▶ Your objective
Any picture among the records should be left out, please; retype the rest exactly.

==================================================

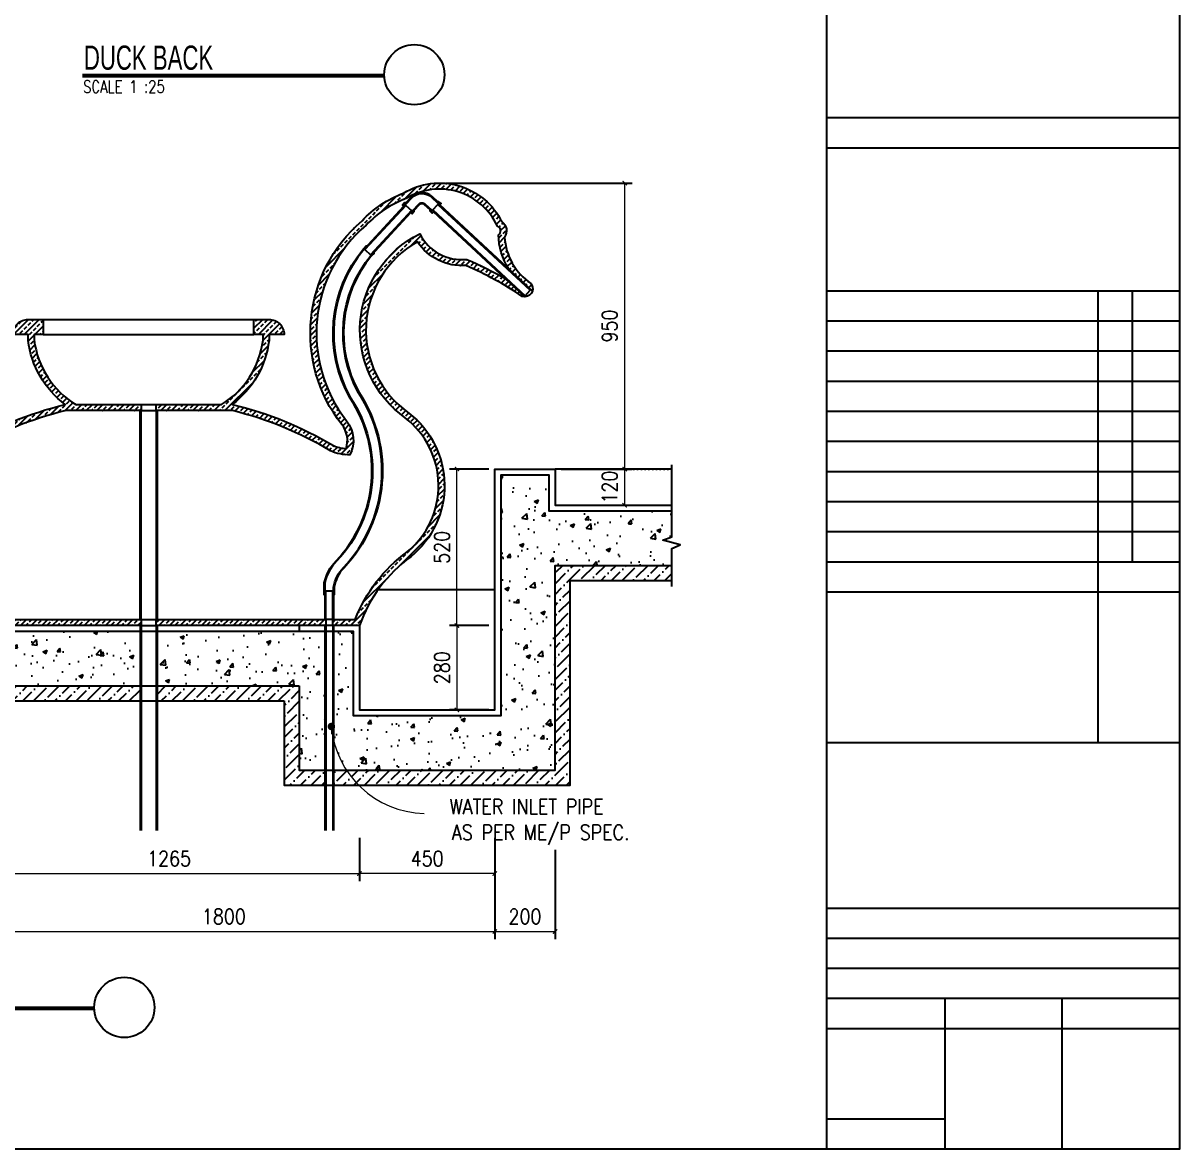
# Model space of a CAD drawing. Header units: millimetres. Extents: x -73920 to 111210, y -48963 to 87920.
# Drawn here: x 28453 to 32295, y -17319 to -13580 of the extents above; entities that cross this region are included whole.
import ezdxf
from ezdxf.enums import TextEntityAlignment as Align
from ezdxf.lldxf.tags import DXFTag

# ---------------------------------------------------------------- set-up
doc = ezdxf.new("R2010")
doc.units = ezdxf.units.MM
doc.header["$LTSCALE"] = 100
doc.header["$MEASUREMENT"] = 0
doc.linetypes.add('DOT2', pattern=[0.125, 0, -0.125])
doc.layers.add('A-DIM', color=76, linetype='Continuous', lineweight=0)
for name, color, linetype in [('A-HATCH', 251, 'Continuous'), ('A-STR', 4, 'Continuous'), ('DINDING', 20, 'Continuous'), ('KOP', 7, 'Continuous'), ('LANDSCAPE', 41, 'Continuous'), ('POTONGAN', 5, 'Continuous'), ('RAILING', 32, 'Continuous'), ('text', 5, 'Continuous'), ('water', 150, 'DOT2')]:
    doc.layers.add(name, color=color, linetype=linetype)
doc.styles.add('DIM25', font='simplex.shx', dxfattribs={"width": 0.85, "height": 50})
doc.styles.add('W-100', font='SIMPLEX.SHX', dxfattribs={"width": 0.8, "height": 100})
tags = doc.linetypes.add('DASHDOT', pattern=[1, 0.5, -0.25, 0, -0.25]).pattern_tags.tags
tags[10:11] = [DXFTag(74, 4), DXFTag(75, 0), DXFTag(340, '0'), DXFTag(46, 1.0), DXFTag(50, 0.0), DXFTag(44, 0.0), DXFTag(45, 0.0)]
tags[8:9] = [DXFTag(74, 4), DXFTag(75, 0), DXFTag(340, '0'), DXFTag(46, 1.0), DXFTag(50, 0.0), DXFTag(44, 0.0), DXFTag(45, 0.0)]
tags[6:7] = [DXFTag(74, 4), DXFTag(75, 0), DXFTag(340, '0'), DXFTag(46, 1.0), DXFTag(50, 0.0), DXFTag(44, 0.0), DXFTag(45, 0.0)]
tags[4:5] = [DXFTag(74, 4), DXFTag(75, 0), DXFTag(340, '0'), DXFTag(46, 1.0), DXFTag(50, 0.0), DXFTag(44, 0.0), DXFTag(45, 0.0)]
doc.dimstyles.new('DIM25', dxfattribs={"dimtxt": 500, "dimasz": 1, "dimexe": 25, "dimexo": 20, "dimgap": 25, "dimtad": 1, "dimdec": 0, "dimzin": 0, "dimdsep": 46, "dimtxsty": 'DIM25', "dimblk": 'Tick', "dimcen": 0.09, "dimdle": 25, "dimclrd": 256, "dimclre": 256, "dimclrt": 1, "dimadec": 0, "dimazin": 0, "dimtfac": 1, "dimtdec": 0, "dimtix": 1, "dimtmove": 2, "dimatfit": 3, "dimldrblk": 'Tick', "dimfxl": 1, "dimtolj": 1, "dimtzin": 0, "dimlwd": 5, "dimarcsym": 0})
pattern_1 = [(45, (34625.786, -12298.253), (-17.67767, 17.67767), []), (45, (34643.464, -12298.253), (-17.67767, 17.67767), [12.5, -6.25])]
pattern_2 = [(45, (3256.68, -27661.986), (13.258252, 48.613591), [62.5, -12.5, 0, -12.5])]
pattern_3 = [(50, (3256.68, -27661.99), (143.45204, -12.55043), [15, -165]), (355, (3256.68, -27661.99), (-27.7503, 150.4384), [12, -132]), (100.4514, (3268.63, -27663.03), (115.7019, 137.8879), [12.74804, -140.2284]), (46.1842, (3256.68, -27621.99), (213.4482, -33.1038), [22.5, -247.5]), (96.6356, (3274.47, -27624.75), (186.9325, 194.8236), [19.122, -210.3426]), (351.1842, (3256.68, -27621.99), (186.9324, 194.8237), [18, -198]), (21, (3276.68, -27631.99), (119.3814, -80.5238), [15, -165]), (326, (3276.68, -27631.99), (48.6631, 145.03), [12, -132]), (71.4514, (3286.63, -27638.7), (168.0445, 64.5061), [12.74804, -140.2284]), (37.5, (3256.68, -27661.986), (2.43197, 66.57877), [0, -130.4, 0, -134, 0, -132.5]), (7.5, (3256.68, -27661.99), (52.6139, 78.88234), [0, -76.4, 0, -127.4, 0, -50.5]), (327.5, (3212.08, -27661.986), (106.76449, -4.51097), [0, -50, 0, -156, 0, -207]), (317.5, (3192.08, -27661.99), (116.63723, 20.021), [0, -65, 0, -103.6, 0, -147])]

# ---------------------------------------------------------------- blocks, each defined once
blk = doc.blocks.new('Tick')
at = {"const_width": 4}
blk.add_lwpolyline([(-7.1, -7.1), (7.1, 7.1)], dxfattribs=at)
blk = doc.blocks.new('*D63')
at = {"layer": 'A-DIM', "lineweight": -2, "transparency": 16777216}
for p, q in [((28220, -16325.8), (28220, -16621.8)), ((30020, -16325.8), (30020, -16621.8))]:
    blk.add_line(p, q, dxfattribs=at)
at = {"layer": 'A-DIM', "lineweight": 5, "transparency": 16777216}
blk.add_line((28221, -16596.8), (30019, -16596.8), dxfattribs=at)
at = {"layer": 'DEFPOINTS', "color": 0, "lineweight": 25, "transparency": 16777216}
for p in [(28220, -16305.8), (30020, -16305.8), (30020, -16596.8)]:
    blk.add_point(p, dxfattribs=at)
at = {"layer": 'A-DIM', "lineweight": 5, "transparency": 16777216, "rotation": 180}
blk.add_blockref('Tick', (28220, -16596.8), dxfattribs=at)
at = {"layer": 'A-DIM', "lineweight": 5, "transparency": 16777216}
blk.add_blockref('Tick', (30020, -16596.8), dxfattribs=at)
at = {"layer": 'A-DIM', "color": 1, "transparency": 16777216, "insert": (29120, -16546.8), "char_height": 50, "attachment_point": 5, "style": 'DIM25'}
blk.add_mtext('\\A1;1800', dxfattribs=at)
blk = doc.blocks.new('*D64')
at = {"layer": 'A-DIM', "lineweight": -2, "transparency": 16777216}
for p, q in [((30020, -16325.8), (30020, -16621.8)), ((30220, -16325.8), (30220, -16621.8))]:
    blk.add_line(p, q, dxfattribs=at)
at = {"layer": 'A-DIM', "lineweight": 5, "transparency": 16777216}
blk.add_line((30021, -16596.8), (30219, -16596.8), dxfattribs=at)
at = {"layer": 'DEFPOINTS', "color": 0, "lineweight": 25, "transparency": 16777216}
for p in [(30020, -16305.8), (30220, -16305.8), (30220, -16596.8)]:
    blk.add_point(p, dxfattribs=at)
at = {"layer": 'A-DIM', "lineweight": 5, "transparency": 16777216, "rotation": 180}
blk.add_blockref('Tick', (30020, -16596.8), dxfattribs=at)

==================================================

▶ Result of this task
# Model space of a CAD drawing. Header units: millimetres. Extents: x -73920 to 111210, y -48963 to 87920.
# Drawn here: x 28453 to 32295, y -17319 to -13580 of the extents above; entities that cross this region are included whole.
import ezdxf
from ezdxf.enums import TextEntityAlignment as Align
from ezdxf.lldxf.tags import DXFTag

# ---------------------------------------------------------------- set-up
doc = ezdxf.new("R2010")
doc.units = ezdxf.units.MM
doc.header["$LTSCALE"] = 100
doc.header["$MEASUREMENT"] = 0
doc.linetypes.add('DOT2', pattern=[0.125, 0, -0.125])
doc.layers.add('A-DIM', color=76, linetype='Continuous', lineweight=0)
for name, color, linetype in [('A-HATCH', 251, 'Continuous'), ('A-STR', 4, 'Continuous'), ('DINDING', 20, 'Continuous'), ('KOP', 7, 'Continuous'), ('LANDSCAPE', 41, 'Continuous'), ('POTONGAN', 5, 'Continuous'), ('RAILING', 32, 'Continuous'), ('text', 5, 'Continuous'), ('water', 150, 'DOT2')]:
    doc.layers.add(name, color=color, linetype=linetype)
doc.styles.add('DIM25', font='simplex.shx', dxfattribs={"width": 0.85, "height": 50})
doc.styles.add('W-100', font='SIMPLEX.SHX', dxfattribs={"width": 0.8, "height": 100})
tags = doc.linetypes.add('DASHDOT', pattern=[1, 0.5, -0.25, 0, -0.25]).pattern_tags.tags
tags[10:11] = [DXFTag(74, 4), DXFTag(75, 0), DXFTag(340, '0'), DXFTag(46, 1.0), DXFTag(50, 0.0), DXFTag(44, 0.0), DXFTag(45, 0.0)]
tags[8:9] = [DXFTag(74, 4), DXFTag(75, 0), DXFTag(340, '0'), DXFTag(46, 1.0), DXFTag(50, 0.0), DXFTag(44, 0.0), DXFTag(45, 0.0)]
tags[6:7] = [DXFTag(74, 4), DXFTag(75, 0), DXFTag(340, '0'), DXFTag(46, 1.0), DXFTag(50, 0.0), DXFTag(44, 0.0), DXFTag(45, 0.0)]
tags[4:5] = [DXFTag(74, 4), DXFTag(75, 0), DXFTag(340, '0'), DXFTag(46, 1.0), DXFTag(50, 0.0), DXFTag(44, 0.0), DXFTag(45, 0.0)]
doc.dimstyles.new('DIM25', dxfattribs={"dimtxt": 500, "dimasz": 1, "dimexe": 25, "dimexo": 20, "dimgap": 25, "dimtad": 1, "dimdec": 0, "dimzin": 0, "dimdsep": 46, "dimtxsty": 'DIM25', "dimblk": 'Tick', "dimcen": 0.09, "dimdle": 25, "dimclrd": 256, "dimclre": 256, "dimclrt": 1, "dimadec": 0, "dimazin": 0, "dimtfac": 1, "dimtdec": 0, "dimtix": 1, "dimtmove": 2, "dimatfit": 3, "dimldrblk": 'Tick', "dimfxl": 1, "dimtolj": 1, "dimtzin": 0, "dimlwd": 5, "dimarcsym": 0})
pattern_1 = [(45, (34625.786, -12298.253), (-17.67767, 17.67767), []), (45, (34643.464, -12298.253), (-17.67767, 17.67767), [12.5, -6.25])]
pattern_2 = [(45, (3256.68, -27661.986), (13.258252, 48.613591), [62.5, -12.5, 0, -12.5])]
pattern_3 = [(50, (3256.68, -27661.99), (143.45204, -12.55043), [15, -165]), (355, (3256.68, -27661.99), (-27.7503, 150.4384), [12, -132]), (100.4514, (3268.63, -27663.03), (115.7019, 137.8879), [12.74804, -140.2284]), (46.1842, (3256.68, -27621.99), (213.4482, -33.1038), [22.5, -247.5]), (96.6356, (3274.47, -27624.75), (186.9325, 194.8236), [19.122, -210.3426]), (351.1842, (3256.68, -27621.99), (186.9324, 194.8237), [18, -198]), (21, (3276.68, -27631.99), (119.3814, -80.5238), [15, -165]), (326, (3276.68, -27631.99), (48.6631, 145.03), [12, -132]), (71.4514, (3286.63, -27638.7), (168.0445, 64.5061), [12.74804, -140.2284]), (37.5, (3256.68, -27661.986), (2.43197, 66.57877), [0, -130.4, 0, -134, 0, -132.5]), (7.5, (3256.68, -27661.99), (52.6139, 78.88234), [0, -76.4, 0, -127.4, 0, -50.5]), (327.5, (3212.08, -27661.986), (106.76449, -4.51097), [0, -50, 0, -156, 0, -207]), (317.5, (3192.08, -27661.99), (116.63723, 20.021), [0, -65, 0, -103.6, 0, -147])]

# ---------------------------------------------------------------- blocks, each defined once
blk = doc.blocks.new('Tick')
at = {"const_width": 4}
blk.add_lwpolyline([(-7.1, -7.1), (7.1, 7.1)], dxfattribs=at)
blk = doc.blocks.new('*D63')
at = {"layer": 'A-DIM', "lineweight": -2, "transparency": 16777216}
for p, q in [((28220, -16325.8), (28220, -16621.8)), ((30020, -16325.8), (30020, -16621.8))]:
    blk.add_line(p, q, dxfattribs=at)
at = {"layer": 'A-DIM', "lineweight": 5, "transparency": 16777216}
blk.add_line((28221, -16596.8), (30019, -16596.8), dxfattribs=at)
at = {"layer": 'DEFPOINTS', "color": 0, "lineweight": 25, "transparency": 16777216}
for p in [(28220, -16305.8), (30020, -16305.8), (30020, -16596.8)]:
    blk.add_point(p, dxfattribs=at)
at = {"layer": 'A-DIM', "lineweight": 5, "transparency": 16777216, "rotation": 180}
blk.add_blockref('Tick', (28220, -16596.8), dxfattribs=at)
at = {"layer": 'A-DIM', "lineweight": 5, "transparency": 16777216}
blk.add_blockref('Tick', (30020, -16596.8), dxfattribs=at)
at = {"layer": 'A-DIM', "color": 1, "transparency": 16777216, "insert": (29120, -16546.8), "char_height": 50, "attachment_point": 5, "style": 'DIM25'}
blk.add_mtext('\\A1;1800', dxfattribs=at)
blk = doc.blocks.new('*D64')
at = {"layer": 'A-DIM', "lineweight": -2, "transparency": 16777216}
for p, q in [((30020, -16325.8), (30020, -16621.8)), ((30220, -16325.8), (30220, -16621.8))]:
    blk.add_line(p, q, dxfattribs=at)
at = {"layer": 'A-DIM', "lineweight": 5, "transparency": 16777216}
blk.add_line((30021, -16596.8), (30219, -16596.8), dxfattribs=at)
at = {"layer": 'DEFPOINTS', "color": 0, "lineweight": 25, "transparency": 16777216}
for p in [(30020, -16305.8), (30220, -16305.8), (30220, -16596.8)]:
    blk.add_point(p, dxfattribs=at)
at = {"layer": 'A-DIM', "lineweight": 5, "transparency": 16777216, "rotation": 180}
blk.add_blockref('Tick', (30020, -16596.8), dxfattribs=at)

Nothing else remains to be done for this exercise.